The nine user-centric criteria in RQ1 showed unique causal linkages, demonstrating a hierarchy of causal and effective factors. Perceived Usefulness (C6) and Ease of Use (C7) consistently influenced Engagement (C8) and Satisfaction (C9) outcome variables. In all four gamified recommender system designs, Perceived Usefulness (C6) and Ease of Use (C7) were the main causal factors. These factors had minimal effects across configurations, but their relative importance and causal direction remained unchanged. This suggests that these parameters predict user engagement and adoption beyond design effects.
In response to RQ2, the analysis found factors C6 and C7 to be the main drivers of GRS adoption due to their predominance and positive correlation. This shows that usability and perceived value are essential for system engagement.
A comparison of four gamified designs—PBL, AOP, AOS, and ACT—showed that the Acknowledgments, Objectives, and Progression (AOP) design improved network connectivity and causal balance in response to RQ3. However, competition and time constraint in the ACT design had localized consequences.

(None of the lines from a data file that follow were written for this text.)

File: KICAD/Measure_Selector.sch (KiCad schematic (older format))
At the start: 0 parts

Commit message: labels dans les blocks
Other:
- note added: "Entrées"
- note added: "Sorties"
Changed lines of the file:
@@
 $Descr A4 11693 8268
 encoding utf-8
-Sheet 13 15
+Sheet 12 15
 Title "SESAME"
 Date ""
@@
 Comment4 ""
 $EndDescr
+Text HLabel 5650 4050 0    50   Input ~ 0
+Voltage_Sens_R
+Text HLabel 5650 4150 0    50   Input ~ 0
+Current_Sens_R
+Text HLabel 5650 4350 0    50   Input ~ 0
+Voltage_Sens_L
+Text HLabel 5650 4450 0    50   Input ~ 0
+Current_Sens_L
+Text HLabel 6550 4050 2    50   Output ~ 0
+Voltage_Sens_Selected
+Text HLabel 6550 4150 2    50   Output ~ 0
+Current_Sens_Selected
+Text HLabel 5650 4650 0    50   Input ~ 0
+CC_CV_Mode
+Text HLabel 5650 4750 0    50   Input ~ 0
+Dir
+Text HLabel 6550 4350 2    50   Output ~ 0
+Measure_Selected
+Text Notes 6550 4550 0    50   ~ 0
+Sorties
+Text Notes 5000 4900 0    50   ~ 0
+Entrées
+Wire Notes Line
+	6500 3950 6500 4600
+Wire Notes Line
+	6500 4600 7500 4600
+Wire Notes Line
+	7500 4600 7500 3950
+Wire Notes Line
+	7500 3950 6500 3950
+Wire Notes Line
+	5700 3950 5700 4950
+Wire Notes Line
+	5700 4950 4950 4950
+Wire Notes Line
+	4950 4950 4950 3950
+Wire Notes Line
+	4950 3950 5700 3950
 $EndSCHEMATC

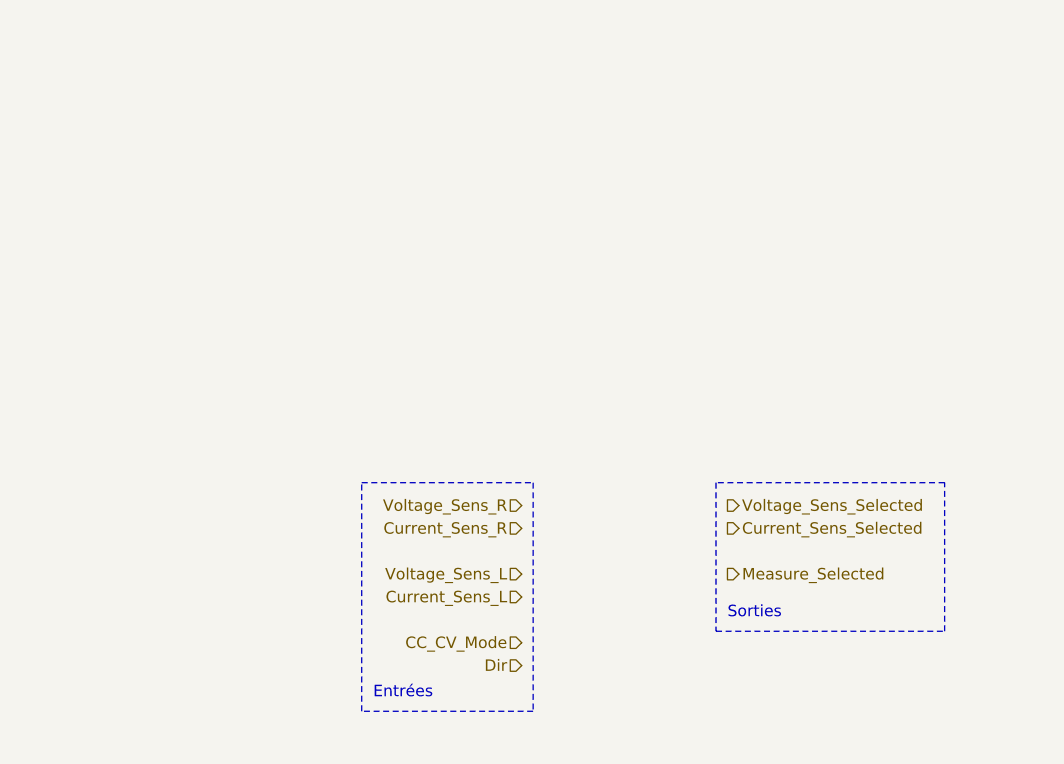
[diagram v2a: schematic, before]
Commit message: add 4053
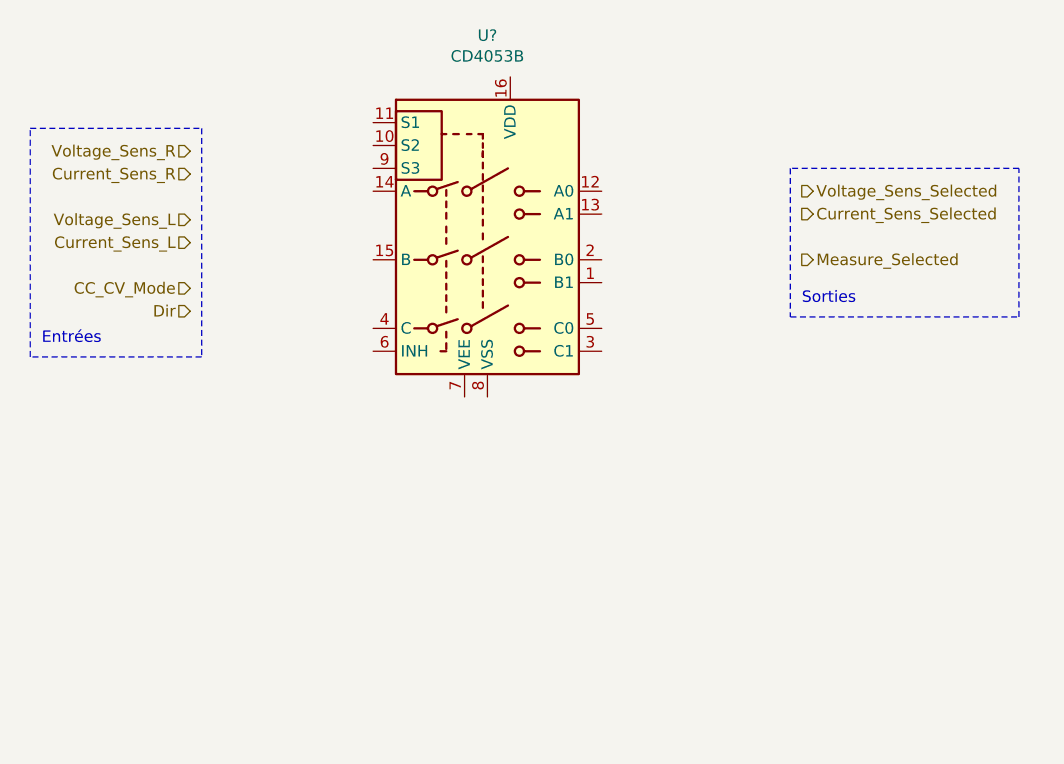
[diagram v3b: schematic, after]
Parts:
- added U?: CD4053B, symbol Analog_Switch:CD4053B
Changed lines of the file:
@@
 Comment4 ""
 $EndDescr
-Text HLabel 5650 4050 0    50   Input ~ 0
+Text HLabel 4200 2500 0    50   Input ~ 0
 Voltage_Sens_R
-Text HLabel 5650 4150 0    50   Input ~ 0
+Text HLabel 4200 2600 0    50   Input ~ 0
 Current_Sens_R
-Text HLabel 5650 4350 0    50   Input ~ 0
+Text HLabel 4200 2800 0    50   Input ~ 0
 Voltage_Sens_L
-Text HLabel 5650 4450 0    50   Input ~ 0
+Text HLabel 4200 2900 0    50   Input ~ 0
 Current_Sens_L
-Text HLabel 6550 4050 2    50   Output ~ 0
+Text HLabel 6875 2675 2    50   Output ~ 0
 Voltage_Sens_Selected
-Text HLabel 6550 4150 2    50   Output ~ 0
+Text HLabel 6875 2775 2    50   Output ~ 0
 Current_Sens_Selected
-Text HLabel 5650 4650 0    50   Input ~ 0
+Text HLabel 4200 3100 0    50   Input ~ 0
 CC_CV_Mode
-Text HLabel 5650 4750 0    50   Input ~ 0
+Text HLabel 4200 3200 0    50   Input ~ 0
 Dir
-Text HLabel 6550 4350 2    50   Output ~ 0
+Text HLabel 6875 2975 2    50   Output ~ 0
 Measure_Selected
-Text Notes 6550 4550 0    50   ~ 0
+Text Notes 6875 3175 0    50   ~ 0
 Sorties
-Text Notes 5000 4900 0    50   ~ 0
+Text Notes 3550 3350 0    50   ~ 0
 Entrées
 Wire Notes Line
-	6500 3950 6500 4600
+	6825 2575 6825 3225
 Wire Notes Line
-	6500 4600 7500 4600
+	6825 3225 7825 3225
 Wire Notes Line
-	7500 4600 7500 3950
+	7825 3225 7825 2575
 Wire Notes Line
-	7500 3950 6500 3950
+	7825 2575 6825 2575
 Wire Notes Line
-	5700 3950 5700 4950
+	4250 2400 4250 3400
 Wire Notes Line
-	5700 4950 4950 4950
+	4250 3400 3500 3400
 Wire Notes Line
-	4950 4950 4950 3950
+	3500 3400 3500 2400
 Wire Notes Line
-	4950 3950 5700 3950
+	3500 2400 4250 2400
+$Comp
+L Analog_Switch:CD4053B U?
+U 1 1 61096CA3
+P 5500 2875
+F 0 "U?" H 5500 3756 50  0000 C CNN
+F 1 "CD4053B" H 5500 3665 50  0000 C CNN
+F 2 "" H 5650 2125 50  0001 L CNN
+F 3 "http://www.ti.com/lit/ds/symlink/cd4052b.pdf" H 5480 3075 50  0001 C CNN
+	1    5500 2875
+	1    0    0    -1
+$EndComp
 $EndSCHEMATC

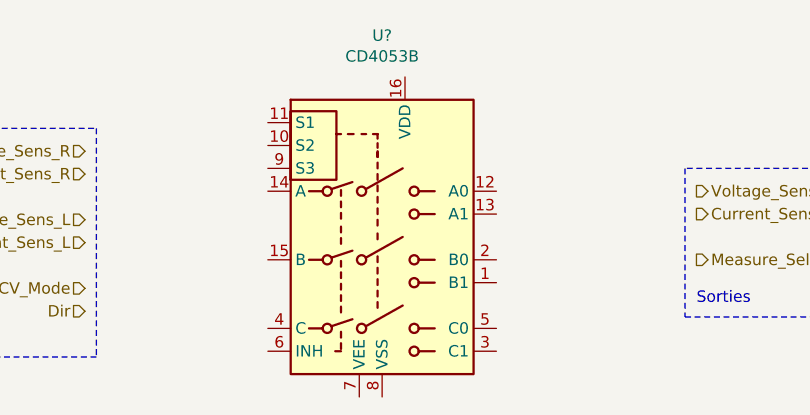
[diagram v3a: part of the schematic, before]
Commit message: fix rescue symbol
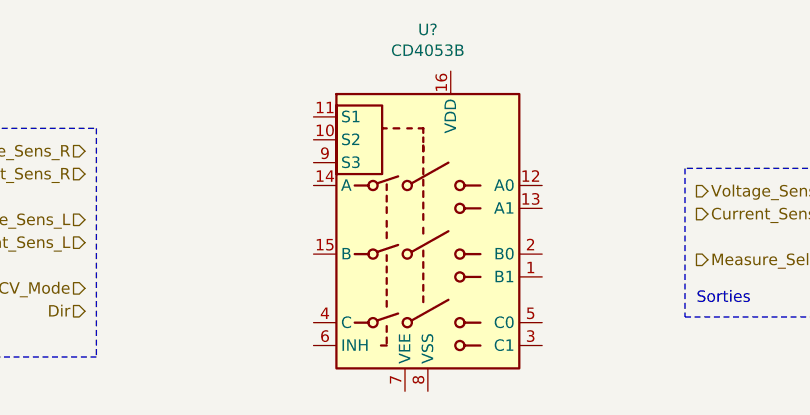
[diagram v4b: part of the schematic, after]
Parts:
- removed U?: CD4053B, symbol Analog_Switch:CD4053B
- added U?: CD4053B, symbol Analog_Switch:CD4053B
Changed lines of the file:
@@
 $Comp
 L Analog_Switch:CD4053B U?
-U 1 1 61096CA3
-P 5500 2875
-F 0 "U?" H 5500 3756 50  0000 C CNN
-F 1 "CD4053B" H 5500 3665 50  0000 C CNN
-F 2 "" H 5650 2125 50  0001 L CNN
-F 3 "http://www.ti.com/lit/ds/symlink/cd4052b.pdf" H 5480 3075 50  0001 C CNN
-	1    5500 2875
+U 1 1 610A09BD
+P 5700 2850
+F 0 "U?" H 5700 3731 50  0000 C CNN
+F 1 "CD4053B" H 5700 3640 50  0000 C CNN
+F 2 "" H 5850 2100 50  0001 L CNN
+F 3 "http://www.ti.com/lit/ds/symlink/cd4052b.pdf" H 5680 3050 50  0001 C CNN
+	1    5700 2850
 	1    0    0    -1
 $EndComp

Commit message: finished measure selector
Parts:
- U?: symbol Analog_Switch:CD4053B -> sesame-fonctionnel-rescue:CD4053B-Analog_Switch
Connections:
- net CC_CV_Mode: now also U?.9 (S3)
- net Current_Sens_L: now also U?.2 (B0)
- net Current_Sens_R: now also U?.1 (B1)
- net Current_Sens_Selected: now also U?.15 (B), U?.3 (C1)
- net Dir: now also U?.10 (S2), U?.11 (S1)
- net Measure_Selected: now also U?.4 (C)
- net Voltage_Sens_L: now also U?.12 (A0)
- net Voltage_Sens_R: now also U?.13 (A1)
- net Voltage_Sens_Selected: now also U?.14 (A), U?.5 (C0)
- net VCC: now reaches U?.16 (VDD)
- net GND: now reaches U?.6 (INH)
- net GND: now also U?.7 (VEE), U?.8 (VSS)
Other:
- note removed: "Entrées"
- note removed: "Sorties"
- moved on the sheet: U?
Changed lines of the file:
@@
 Sheet 12 15
 Title "SESAME"
-Date ""
+Date "2021-08-03"
 Rev ""
 Comp "AFPA"
-Comment1 ""
+Comment1 "Dessin : Clément GRIMARD"
 Comment2 ""
 Comment3 ""
 Comment4 ""
 $EndDescr
-Text HLabel 4200 2500 0    50   Input ~ 0
+Text HLabel 4950 3925 0    50   Input ~ 0
 Voltage_Sens_R
-Text HLabel 4200 2600 0    50   Input ~ 0
+Text HLabel 4950 4225 0    50   Input ~ 0
 Current_Sens_R
-Text HLabel 4200 2800 0    50   Input ~ 0
+Text HLabel 4950 3825 0    50   Input ~ 0
 Voltage_Sens_L
-Text HLabel 4200 2900 0    50   Input ~ 0
+Text HLabel 4950 4125 0    50   Input ~ 0
 Current_Sens_L
-Text HLabel 6875 2675 2    50   Output ~ 0
+Text HLabel 6700 3825 2    50   Output ~ 0
 Voltage_Sens_Selected
-Text HLabel 6875 2775 2    50   Output ~ 0
+Text HLabel 6700 4125 2    50   Output ~ 0
 Current_Sens_Selected
-Text HLabel 4200 3100 0    50   Input ~ 0
+Text HLabel 6700 3725 2    50   Input ~ 0
 CC_CV_Mode
-Text HLabel 4200 3200 0    50   Input ~ 0
+Text HLabel 6700 3575 2    50   Input ~ 0
 Dir
-Text HLabel 6875 2975 2    50   Output ~ 0
+Text HLabel 6700 4425 2    50   Output ~ 0
 Measure_Selected
-Text Notes 6875 3175 0    50   ~ 0
-Sorties
-Text Notes 3550 3350 0    50   ~ 0
-Entrées
-Wire Notes Line
-	6825 2575 6825 3225
-Wire Notes Line
-	6825 3225 7825 3225
-Wire Notes Line
-	7825 3225 7825 2575
-Wire Notes Line
-	7825 2575 6825 2575
-Wire Notes Line
-	4250 2400 4250 3400
-Wire Notes Line
-	4250 3400 3500 3400
-Wire Notes Line
-	3500 3400 3500 2400
-Wire Notes Line
-	3500 2400 4250 2400
 $Comp
-L Analog_Switch:CD4053B U?
+L sesame-fonctionnel-rescue:CD4053B-Analog_Switch U?
 U 1 1 610A09BD
-P 5700 2850
-F 0 "U?" H 5700 3731 50  0000 C CNN
-F 1 "CD4053B" H 5700 3640 50  0000 C CNN
-F 2 "" H 5850 2100 50  0001 L CNN
-F 3 "http://www.ti.com/lit/ds/symlink/cd4052b.pdf" H 5680 3050 50  0001 C CNN
-	1    5700 2850
+P 5775 4025
+AR Path="/610A09BD" Ref="U?"  Part="1"
+AR Path="/60F421D1/610A09BD" Ref="U?"  Part="1"
+F 0 "U?" H 5625 4900 50  0000 C CNN
+F 1 "CD4053B" H 5600 4800 50  0000 C CNN
+F 2 "" H 5925 3275 50  0001 L CNN
+F 3 "http://www.ti.com/lit/ds/symlink/cd4052b.pdf" H 5755 4225 50  0001 C CNN
+	1    5775 4025
+	-1   0    0    -1
+$EndComp
+Wire Wire Line
+	4950 3825 5275 3825
+Wire Wire Line
+	4950 3925 5275 3925
+Wire Wire Line
+	4950 4125 5275 4125
+Wire Wire Line
+	4950 4225 5275 4225
+$Comp
+L power:GND #PWR?
+U 1 1 610C24DF
+P 5825 4875
+F 0 "#PWR?" H 5825 4625 50  0001 C CNN
+F 1 "GND" H 5830 4702 50  0000 C CNN
+F 2 "" H 5825 4875 50  0001 C CNN
+F 3 "" H 5825 4875 50  0001 C CNN
+	1    5825 4875
 	1    0    0    -1
 $EndComp
+Wire Wire Line
+	5775 4725 5775 4800
+Wire Wire Line
+	5875 4800 5875 4725
+Wire Wire Line
+	5775 4800 5825 4800
+Wire Wire Line
+	5825 4800 5825 4875
+Connection ~ 5825 4800
+Wire Wire Line
+	5825 4800 5875 4800
+$Comp
+L power:VCC #PWR?
+U 1 1 610C511E
+P 5675 3200
+F 0 "#PWR?" H 5675 3050 50  0001 C CNN
+F 1 "VCC" H 5692 3373 50  0000 C CNN
+F 2 "" H 5675 3200 50  0001 C CNN
+F 3 "" H 5675 3200 50  0001 C CNN
+	1    5675 3200
+	1    0    0    -1
+$EndComp
+Wire Wire Line
+	5675 3325 5675 3200
+Wire Wire Line
+	6275 3525 6475 3525
+Wire Wire Line
+	6475 3525 6475 3575
+Wire Wire Line
+	6475 3625 6275 3625
+Wire Wire Line
+	6475 3575 6700 3575
+Connection ~ 6475 3575
+Wire Wire Line
+	6475 3575 6475 3625
+Wire Wire Line
+	6700 3725 6275 3725
+Wire Wire Line
+	6275 3825 6700 3825
+Wire Wire Line
+	6275 4425 6700 4425
+Wire Wire Line
+	6275 4125 6700 4125
+Text Label 6325 3825 0    50   ~ 0
+Volt_Sel
+Text Label 6325 4125 0    50   ~ 0
+Curr_Sel
+Text Label 4950 4425 0    50   ~ 0
+Volt_Sel
+Text Label 4950 4525 0    50   ~ 0
+Curr_Sel
+Wire Wire Line
+	4950 4525 5275 4525
+Wire Wire Line
+	4950 4425 5275 4425
+$Comp
+L power:GND #PWR?
+U 1 1 610E2D38
+P 6325 4575
+F 0 "#PWR?" H 6325 4325 50  0001 C CNN
+F 1 "GND" H 6330 4402 50  0000 C CNN
+F 2 "" H 6325 4575 50  0001 C CNN
+F 3 "" H 6325 4575 50  0001 C CNN
+	1    6325 4575
+	1    0    0    -1
+$EndComp
+Wire Wire Line
+	6275 4525 6325 4525
+Wire Wire Line
+	6325 4525 6325 4575
 $EndSCHEMATC

Due to its high threshold, Design 2 had the greatest causal structure, but Design 1 was more egalitarian. The results are strong since causal network densities did not affect criteria importance across thresholds. Research shows that fuzzy DEMATEL efficiently analyzes gamification criteria’s interrelationships, making educational recommender systems easier to construct. Methodological comprehension is improved by providing fuzzy DEMATEL in gamified environments and providing practical guidance for adopting learner-centered gamification mechanics. As one of the first systematic attempts to combine gamification design with fuzzy DEMATEL in recommender systems, this study offers scholars and practitioners a new perspective. The study achieved its goals by (i) explaining causal interdependencies among user-centric criteria, (ii) identifying the most important adoption determinants, and (iii) showing how gamified design configurations alter these linkages. Fuzzy DEMATEL provides a structured approach for analyzing user-centric gamification strategies and improving system design. The study shows that fuzzy DEMATEL effectively investigates gamification criteria interdependencies, enabling educational recommender system creation. Methodological approaches are improved by testing fuzzy DEMATEL in gamified systems and offering practical guidance for choosing learner-centered gamification mechanics.
Importantly, this is among the first studies to systematically integrate gamification design with fuzzy DEMATEL for recommender systems, providing a novel perspective for both researchers and practitioners.